When Mohammed Hamdan Dagalo known as (Hemedti) declared a halt to atrocities committed by his Rapid Support Forces (RSF) in El-Fasher, few believed him. Days later, satellite imagery and witness testimony confirmed what Sudanese civilians have come to know too well: his words rarely translate into action. Inside El-Fasher, the killing, starvation, and mass detentions continue unabated.
What began as a political statement of restraint turned into yet another exercise in deception. Reports from human rights organizations and local monitors describe widespread killings on ethnic grounds, arbitrary detentions, torture, and public executions. “Hemedti’s ceasefire is a mirage,” said one Sudanese analyst. “He talks reconciliation while his men tighten the noose.”
Ethnic targeting and information blackout
Military and humanitarian observers confirm that the RSF continues ethnically targeted attacks despite global outrage. Since capturing El-Fasher on October 26 after months of siege, the paramilitary group has obstructed aid, cut communications, and imposed near-total isolation on the city. Analysts argue Hemedti’s ceasefire announcement was intended to deflect international scrutiny and buy time to consolidate control.
Witnesses report that RSF fighters have stopped sharing videos of their atrocities, while forcing residents to remain indoors under threat of execution. “No one can leave. No one can speak,” said a survivor who escaped through Qarni. “If you’re caught, you disappear.”
Evidence from above
The Yale Humanitarian Research Lab released satellite images showing massive gatherings of displaced civilians near Qarni, northwest of El-Fasher. “These images indicate sustained displacement patterns and severe human rights violations,” said the lab’s latest brief.
Meanwhile, the Sudanese Doctors’ Network reported that thousands of civilians remain trapped inside El-Fasher. RSF forces, the group said, have confiscated all transportation and blocked humanitarian aid.
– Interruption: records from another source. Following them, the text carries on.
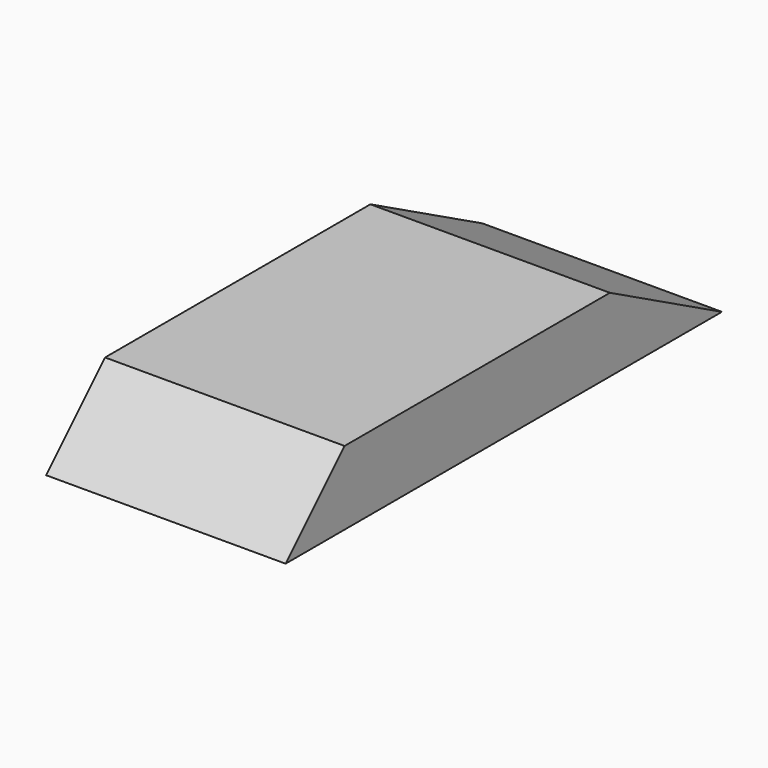
from build123d import *

# Parameters (mm, degrees)
F0_W     = 130
F0_H     = 296
F1_DEPTH = 20
F2_SIZE2 = 75.99999
F2_SIZE  = 39.99999
F3_SIZE2 = 39.99999
F3_SIZE  = 39.99999
F4_T     = 2.5


# Not quite as in the source:
# - a fillet or chamfer is up to 0.001 mm smaller than in the source, because OpenCascade refuses the exact size
# - a shell that OpenCascade refuses in one call is made with other operations: the cavity is built on its own and cut out


with BuildPart() as f1:
    # F0 (on Top) → F1 (new body, symmetric)
    with BuildSketch(Plane.XY):
        Rectangle(F0_W, F0_H)
    extrude(amount=F1_DEPTH, both=True)

    # F2 (size 40 and 76 in the source; OpenCascade refuses exactly that, so slightly less here)
    f2_edges = [f1.edges().sort_by_distance(p)[0] for p in [
        (0, 148, 20),
    ]]
    f2_side = f1.faces().sort_by_distance((0, 148, 0))[0]
    chamfer(f2_edges, length=F2_SIZE, length2=F2_SIZE2, reference=f2_side)

    # F3 (size 40 and 40 in the source; OpenCascade refuses exactly that, so slightly less here)
    f3_edges = [f1.edges().sort_by_distance(p)[0] for p in [
        (0, -148, 20),
    ]]
    chamfer(f3_edges, length=F3_SIZE, length2=F3_SIZE2)

    # F4: shell of thickness 2.5, made by hand


with BuildPart() as f4_core1:
    # F4_t2: copy of F1
    add(f1.part)

    # the walls: a layer under each face that stays
    f4_faces = [f4_core1.faces().sort_by_distance(p)[0] for p in [
        (-65, 0, 0),
        (0, -18, 20),
        (0, -128.000005, 5e-06),
        (0, 110.000005, 5e-06),
        (0, -148, -19.999995),
        (0, 148, -19.999995),
        (65, 0, 0),
    ]]
    thicken(f4_faces, amount=-F4_T, mode=Mode.SUBTRACT)


with BuildPart() as f1_1:
    add(f1.part)

    # what is left inside the walls is the cavity
    f4_cavity = [f4_core1.part.solids().sort_by_distance(p)[0] for p in [
        (0, -48.765554, -19.975),
    ]]
    add(f4_cavity, mode=Mode.SUBTRACT)


solid = f1_1.part

Those attempting to flee were either shot or forcibly returned, some suffering from malnutrition and untreated wounds. “This is a humanitarian catastrophe in motion,” the network stated.
Médecins Sans Frontières (Doctors Without Borders) warned that the ban on movement, coupled with collapsing healthcare infrastructure and deliberate targeting of hospitals, risk turning El-Fasher into “a death zone sealed from the world.”
Witnesses describe horror
According to survivors, RSF fighters have separated civilians by gender, age, and ethnicity, detaining many for ransom that sometimes reached hundreds of dollars. “They took our boys, beat them, and told us we were slaves,” one mother told a Sudanese NGO after fleeing to Tawila.
The regional government in Darfur reported more than 2,200 deaths in El-Fasher since October 26, including women and children. Hospitals, mosques, and refugee centers were hit by gunfire, often deliberately. Local officials say over 390,000 people have fled in recent weeks, with thousands more missing.
The International Organization for Migration estimates that more than 8,000 people fled the city over a single weekend, though most never reached safety. “We expected hundreds of thousands to come,” said Shashwat Saraf, Sudan country director for the Norwegian Refugee Council, “but few have survived the journey.”
Global silence and foreign ties
Despite mounting evidence, the international response remains muted. Diplomats acknowledge that Hemedti’s foreign alliances complicate pressure efforts. The RSF has long been linked to gold smuggling routes that fund its operations, as well as military coordination with groups in Libya, Chad, and the Central African Republic. Western intelligence agencies have also tracked cooperation between the RSF and elements of Russia’s Wagner Group in securing Sudanese gold exports—schemes that help sustain the war financially.
Gulf states, particularly the United Arab Emirates, have been accused of indirectly enabling the conflict by supplying funds that flow into RSF-affiliated networks through illicit trade. The UAE denies arming any party in Sudan, though multiple reports by the UN Panel of Experts suggest otherwise.
A senior humanitarian observer told Al Jazeera English, “Sudan’s tragedy is not only a war between two generals. It’s a proxy struggle fueled by regional money and international indifference.”
A country unravels
The wider war between the Sudanese Armed Forces (SAF) and the RSF began in April 2023, collapsing one of Africa’s largest nations into chaos. The conflict has killed tens of thousands and displaced nearly 13 million people—creating one of the world’s worst humanitarian crises.
Today, the RSF controls all five states of Darfur, while the army holds thirteen others, including Khartoum. The line dividing them cuts across a shattered landscape of famine, sexual violence, and ethnic cleansing.
El-Fasher, once the administrative jewel of Darfur, now stands as the symbol of Sudan’s unraveling—its people trapped between a commander’s false promises and a world too weary to act.